Breakpoint 11, expand_one_stack_var_at (
    decl=<var_decl 0x7ffff62d4e10 current_value>, base=0x7ffff68cc3a8, 
    base_align=128, offset=-80)
    at /space/rguenther/src/svn/trunk3/gcc/cfgexpand.c:978
978       gcc_assert (offset == trunc_int_for_mode (offset, Pmode));

ok as well.  So does the intitial RTL (well, still virtual-stack-vars is life).

So this is an RTL optimization or target issue.

Comment 5 Markus Trippelsdorf 2015-11-25 12:33:50 UTC

(In reply to Florian Weimer from comment #3)
> (In reply to Markus Trippelsdorf from comment #0)
> > rbp            0x7fffffffa148   0x7fffffffa148
> 
> (In reply to Markus Trippelsdorf from comment #2)
> > 0000000000001470 <_dl_lookup_symbol_x>:
> >     1470:       55                      push   %rbp
> >     1471:       48 89 e5                mov    %rsp,%rbp
> 
> >     14f4:       0f 29 45 80             movaps %xmm0,-0x80(%rbp)
> 
> If I'm reading this correctly, %rsp was a multiple of 16 when the function
> is entered, but this is not correct, it has to be congruent 8 modulo 16.
> 
> This looks like a GHC or GHCi bug (which may already have been fixed).

Ok. Well, I'm running GHC version 7.10.2, which is the latest.
(Not sure how to report this issue to the ghc folks).

Comment 6 Florian Weimer 2015-11-25 12:35:50 UTC

(In reply to Markus Trippelsdorf from comment #5)

> Ok. Well, I'm running GHC version 7.10.2, which is the latest.
> (Not sure how to report this issue to the ghc folks).

To be honest, if Richard thinks there is a GCC bug here (and I read comment #4 this way), he's likely right and I'm wrong.

Comment 7 Markus Trippelsdorf 2015-11-25 12:39:57 UTC

(In reply to Florian Weimer from comment #6)
> (In reply to Markus Trippelsdorf from comment #5)
> 
> > Ok. Well, I'm running GHC version 7.10.2, which is the latest.
> > (Not sure how to report this issue to the ghc folks).
> 
> To be honest, if Richard thinks there is a GCC bug here (and I read comment
> #4 this way), he's likely right and I'm wrong.

Well, only Haskell programs crash. So I think you're right.

Comment 8 Florian Weimer 2015-11-25 12:42:49 UTC

(In reply to Markus Trippelsdorf from comment #7)
 
> Well, only Haskell programs crash.

This is a valid point.  You can open a GHC ticket in Trac, after registering:

  <https://ghc.haskell.org/trac/ghc/>

Comment 9 Markus Trippelsdorf 2015-11-25 13:05:56 UTC

For the curious:
https://ghc.haskell.org/trac/ghc/ticket/11133

Comment 10 Richard Biener 2015-11-25 13:18:04 UTC

(In reply to Florian Weimer from comment #6)
> (In reply to Markus Trippelsdorf from comment #5)
> 
> > Ok.
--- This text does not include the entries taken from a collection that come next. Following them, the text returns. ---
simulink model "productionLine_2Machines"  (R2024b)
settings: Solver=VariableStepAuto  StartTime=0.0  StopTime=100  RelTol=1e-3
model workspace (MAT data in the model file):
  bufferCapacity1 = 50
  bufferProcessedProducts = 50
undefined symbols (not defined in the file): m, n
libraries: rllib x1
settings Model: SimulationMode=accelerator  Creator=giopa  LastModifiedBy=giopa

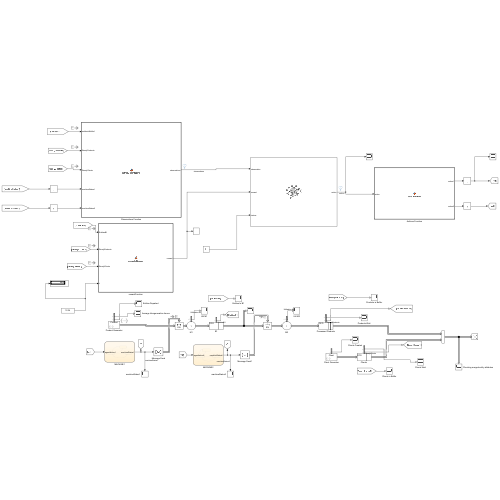
[thumbnail: Simulink's stored preview of the top-level diagram]
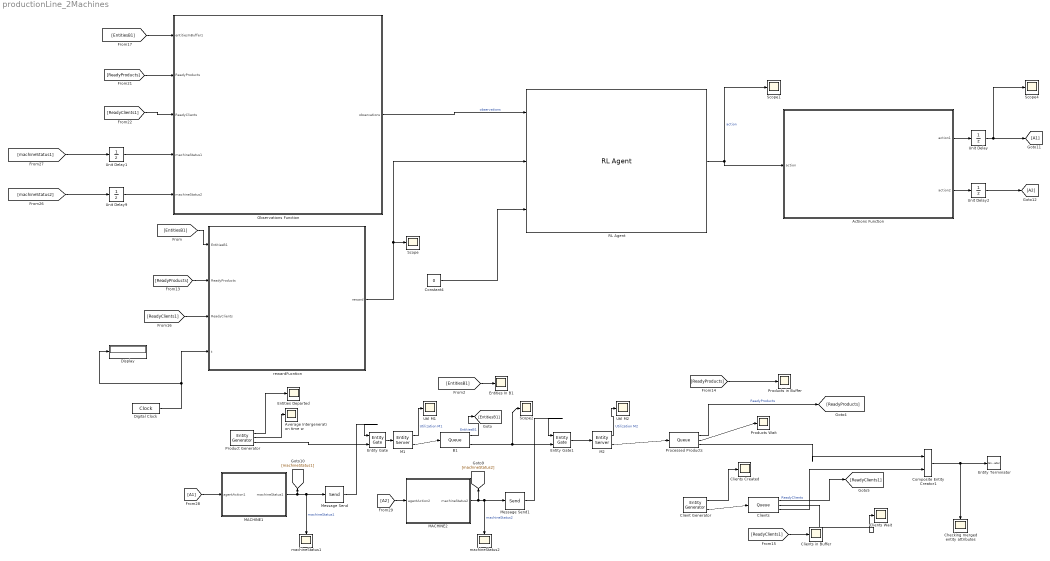
== system productionLine_2Machines ==
  Actiions Function : MATLAB Function  TreatAsAtomicUnit=on
  Average Intergeneration time w : Scope
  B1 : Queue  InputPortMessageModes=m  OutputPortMessageModes=n,m  Capacity=bufferCapacity1  NumberEntitiesInBlock=on
      settings: OutputPortMap=o1,o5
  Checking merged entity attributes : Scope
  Client Generator : EntityGenerator  OutputPortMessageModes=n,m  TimeSource=MATLAB action  IntergenerationTimeAction=|  GenerateEntityAtSimulationStart=off  GenerateAction=|  AttributeName=clientNumber  NumberEntitiesDeparted=on  EntityType=Structured  EntityTypeName=Client
      IntergenerationTimeAction=|
      | muI = 4.5;   % Mean intergeneration time 
      | dt = -muI * log(1 - rand());  % Exponential distribution
      GenerateAction=|
      | persistent clientNumber;
      | if isempty(clientNumber)
      |     clientNumber = 0; % Initialize the first client number
      | else
      |     clientNumber = clientNumber + 1; % Increment client number for each new entity
      | end
      | entity.clientNumber = clientNumber; % Assign the number to the entity's attribute
      settings: OutputPortMap=o0,o3
  "Clients " : Queue  InputPortMessageModes=m  OutputPortMessageModes=n,n,m  Capacity=50  NumberEntitiesInBlock=on  AverageWait=on
      settings: OutputPortMap=o1,o2,o5
  Clients Created : Scope
  Clients Wait : Scope
  Clients in Buffer : Scope
  Composite Entity Creator1 : CompositeEntityCreator  InputPortMessageModes=m,m  OutputPortMessageModes=m  EntityTypeName=Order  InputEntityName=Product|Client
      settings: InputPortMap=u0,u1
  Constant4 : Constant  Value=0
  Digital Clock : DigitalClock  SampleTime=0.1
  Display : Display
  Entities Departed : Scope
  Entities In B1 : Scope
  Entity Gate : EntityGate  InputPortMessageModes=m,m  OutputPortMessageModes=m  MatchingAttributeName=gateCheck  InitialValueOfMatchingAttribute=1  OpenGateAtSimulationStart=on
  Entity Gate1 : EntityGate  InputPortMessageModes=m,m  OutputPortMessageModes=m  MatchingAttributeName=machineStatus  InitialValueOfMatchingAttribute=1
  Entity Terminator : EntityTerminator  InputPortMessageModes=m
  M1 : EntityServer  InputPortMessageModes=m  OutputPortMessageModes=n,m  Capacity=1  ServiceTimeSource=Attribute  ServiceTimeValue=1  ServiceTimeAttributeName=processingTime  Utilization=on
      settings: OutputPortMap=o5,o9
  M2 : EntityServer  InputPortMessageModes=m  OutputPortMessageModes=n,m  Capacity=1  ServiceTimeSource=Attribute  ServiceTimeValue=1  ServiceTimeAttributeName=processingTime  Utilization=on
      settings: OutputPortMap=o5,o9
  MACHINE1 : Stateflow chart  TreatAsAtomicUnit=on
  MACHINE2 : Stateflow chart  TreatAsAtomicUnit=on
  Message Send : Send  OutputPortMessageModes=m
  Message Send1 : Send  OutputPortMessageModes=m
  Observations Function : MATLAB Function  TreatAsAtomicUnit=on
  Processed Products : Queue  InputPortMessageModes=m  OutputPortMessageModes=n,n,m  Capacity=bufferProcessedProducts  NumberEntitiesInBlock=on  AverageWait=on
      settings: OutputPortMap=o1,o2,o5
  Product Generator : EntityGenerator  OutputPortMessageModes=n,n,m  Period=2.7  IntergenerationTimeAction=|  GenerateAction=|  ExitAction=|  AttributeName=processingTime|productNumber|entryTime  AttributeInitialValue=2|1|1  NumberEntitiesDeparted=on  AverageIntergenerationTime=on  EntityType=Structured  EntityTypeName=Product
      IntergenerationTimeAction=|
      | muI = 2;   % Mean intergeneration time 
      | dt = -muI * log(1 - rand());  % Exponential distribution
      GenerateAction=|
      | persistent rngInit;
      | if isempty(rngInit)
      |     seed = 12345;
      |     rng(seed);
      |     rngInit = true;
      | end
      | % Pattern: Exponential distribution
      | 
      | mu = 2;
      | entity.processingTime = -mu * log(1 - rand());
      | 
      | %assign productNumber aatribute to every entity
      | persistent productNumber
      | if isempty(productNumber)
      |     productNumber = 0;  
      | end
      | 
      | % Assign productNumber attribute
      | entity.productNumber = productNumber + 1; % Increment and assign the product number
      | productNumber = productNumber + 1;        % Update the product number for the next product
      ExitAction=|
      | persistent productNumber;
      | if isempty(productNumber)
      |     productNumber = 1; % Initialize the first client number
      | else
      |     productNumber = productNumber + 1; % Increment client number for each new entity
      | end
      | entity.productNumber = productNumber; % Assign the number to the entity's attribute
      settings: OutputPortMap=o0,o2,o3
  Products Wait : Scope
  Products in Buffer : Scope
  RL Agent : rllib/RL Agent  Agent=agent  ExternalActionAsInput=off  ProvideLastAction=off  ProvideCumRwd=off  TreatAsDirectFeedthrough=on  UseStrictObservationDataTypes=off
  Scope{,1..2,4} (4 alike) : Scope
  Unit Delay : UnitDelay  SampleTime=-1  HasFrameUpgradeWarning=on
  Unit Delay1 : UnitDelay  InitialCondition=1  SampleTime=-1  HasFrameUpgradeWarning=on
  Unit Delay2 : UnitDelay  SampleTime=-1  HasFrameUpgradeWarning=on
  Unit Delay9 : UnitDelay  InitialCondition=1  SampleTime=-1  HasFrameUpgradeWarning=on
  Util M1 : Scope
  Util M2 : Scope
  machineStatus1 : Scope
  machineStatus2 : Scope
  rewardFucntion : MATLAB Function  TreatAsAtomicUnit=on
  wires:
  RL Agent/1 -> Scope1/1, Actiions Function/1(action)  "action"
  Message Send1/1 -> Entity Gate1/1
  rewardFucntion/1(reward) -> Scope/1, RL Agent/2
  "Clients "/3 -> Composite Entity Creator1/2
  Client Generator/1 -> Clients Created/1
  [machineStatus1] -> Unit Delay1/1
  [EntitiesB1] -> rewardFucntion/1(EntitiesB1)
  "Clients "/2 -> Clients Wait/1
  Processed Products/2 -> Products Wait/1
  Product Generator/2 -> Average Intergeneration time w/1
  [ReadyClients1] -> Clients in Buffer/1
  [A1] -> MACHINE1/1(agentAction1)
  [ReadyClients1] -> rewardFucntion/3(ReadyClients)
  Product Generator/3 -> Entity Gate/2
  [ReadyProducts] -> Observations Function/2(ReadyProducts)
  Unit Delay2/1 -> [A2]
  M1/2 -> B1/1
  Actiions Function/1(action1) -> Unit Delay/1
  B1/2 -> Scope2/1, Entity Gate1/2
  [ReadyProducts] -> Products in Buffer/1
  [A2] -> MACHINE2/1(agentAction2)
  Composite Entity Creator1/1 -> Entity Terminator/1, Checking merged entity attributes/1
  [machineStatus2] -> Unit Delay9/1
  Processed Products/1 -> [ReadyProducts]  "ReadyProducts"
  Digital Clock/1 -> Display/1, rewardFucntion/4(t)
  Entity Gate/1 -> M1/1
  [EntitiesB1] -> Observations Function/1(entitiesInBuffer1)
  Actiions Function/2(action2) -> Unit Delay2/1
  "Clients "/1 -> [ReadyClients1]  "ReadyClients"
  M2/2 -> Processed Products/1
  M1/1 -> Util M1/1  "Utilization M1"
  Product Generator/1 -> Entities Departed/1
  B1/1 -> [EntitiesB1]  "EntitiesB1"
  Processed Products/3 -> Composite Entity Creator1/1
  M2/1 -> Util M2/1  "Utilization M2"
  Client Generator/2 -> "Clients "/1
  Unit Delay9/1 -> Observations Function/5(machineStatus2)
  [ReadyClients1] -> Observations Function/3(ReadyClients)
  [ReadyProducts] -> rewardFucntion/2(ReadyProducts)
  MACHINE2/1(machineStatus2) -> [machineStatus2], machineStatus2/1, Message Send1/1  "machineStatus2"
  Unit Delay/1 -> Scope4/1, [A1]
  Observations Function/1(observations) -> RL Agent/1  "observations"
  [EntitiesB1] -> Entities In B1/1
  Constant4/1 -> RL Agent/3
  MACHINE1/1(machineStatus1) -> machineStatus1/1, Message Send/1, [machineStatus1]  "machineStatus1"
  Entity Gate1/1 -> M2/1
  Unit Delay1/1 -> Observations Function/4(machineStatus1)
  Message Send/1 -> Entity Gate/1

== matlab function productionLine_2Machines/Actiions Function ==
  data: action input; action1 output; action2 output
function [action1, action2] = decodeAction(action)
    % Ensure action is treated as a numeric array
    % Directly use action as a numeric vector

    % Assign each binary digit to the respective machine's action
    action1 = action(1);  % Action for Machine 1
    action2 = action(2);  % Action for Machine 2
end

== stateflow chart productionLine_2Machines/MACHINE2 ==
  state Failed
    entry:
    machineStatus2 = 0;
    repairTime2 = -meanRepairTime2 * log(1 - rand());
  state Idle
    entry:
    machineStatus2 = -1;
  state Working
    entry:
    machineStatus2 = 1;
    timeToFailure2 = -meanFailureTime2 * log(1 - rand());
  Working -> Failed [order 1] : [after(timeToFailure2, sec)]
  Failed -> Working : [after(repairTime2, sec)]
  (default) -> Working
  Idle -> Working : [agentAction2 == 1]
  Working -> Idle [order 2] : [agentAction2 == 0]
  data: meanRepairTime2 constant double =5; meanFailureTime2 constant double =50; machineStatus2 output; repairTime2 local; timeToFailure2 local; agentAction2 input

== stateflow chart productionLine_2Machines/MACHINE1 ==
  state Failed
    entry:
    machineStatus1 = 0;
    repairTime1 = -meanRepairTime1 * log(1 - rand());
  state Idle
    entry:
    machineStatus1 = -1;
  state Working
    entry:
    machineStatus1 = 1;
    timeToFailure1 = -meanFailureTime1 * log(1 - rand());
  Working -> Failed [order 1] : [after(timeToFailure1, sec)]
  Failed -> Working : [after(repairTime1, sec)]
  (default) -> Working
  Idle -> Working : [agentAction1 == 1]
  Working -> Idle [order 2] : [agentAction1 == 0]
  data: meanRepairTime1 constant double =5; meanFailureTime1 constant double =50; machineStatus1 output; repairTime1 local; timeToFailure1 local; agentAction1 input

== matlab function productionLine_2Machines/Observations Function ==
  data: entitiesInBuffer1 input; observations output; ReadyProducts input; ReadyClients input; machineStatus1 input; machineStatus2 input
function observations = gatherObservations(entitiesInBuffer1, ReadyProducts, ReadyClients, ...
                                           machineStatus1, machineStatus2)
    % Define maximum buffer capacity
    maxBufferCapacity = 50;

    % Normalize buffer level
    bufferLevels = entitiesInBuffer1 / maxBufferCapacity;

    % Normalize ready products and clients
    readyStates = [ReadyProducts; ReadyClients] / maxBufferCapacity;

    % Normalize machine states to [0, 1]
    machineStates = [machineStatus1; machineStatus2];

    % Combine normalized observations into a single vector
    observations = [bufferLevels; readyStates; machineStates];
end

== matlab function productionLine_2Machines/rewardFucntion ==
  data: EntitiesB1 input; ReadyProducts input; ReadyClients input; reward output; t input
function reward = calculateReward(EntitiesB1, ReadyProducts, ReadyClients, t)
    % Time tracking
    persistent lastTime
    if isempty(lastTime)
        lastTime = t;
        reward = 0;
        return;
    end

    % Calculate time step
    dt = t - lastTime;
    lastTime = t;

    % Cost weights (adjusted for 2-machine setup)
    bufferCost = 0.5;      % Cost for entities in Buffer B1
    productsCost = 1;      % Cost for products waiting after processing
    clientsCost = 1.3;     % Cost for clients waiting before merging

    % Calculate total cost
    totalCost = (EntitiesB1 * bufferCost + ReadyProducts * productsCost + ReadyClients * clientsCost) * dt;

    % Reward is the negative total cost (to encourage minimization)
    reward = -totalCost;
end

Well, I'm running GHC version 7.10.2, which is the latest.
> > (Not sure how to report this issue to the ghc folks).
> 
> To be honest, if Richard thinks there is a GCC bug here (and I read comment
> #4 this way), he's likely right and I'm wrong.

No, I just assumed it is a bug because Markus inspected the assembler and analyzed it to be broken.  I just verified it is all well from vectorization to RTL expansion.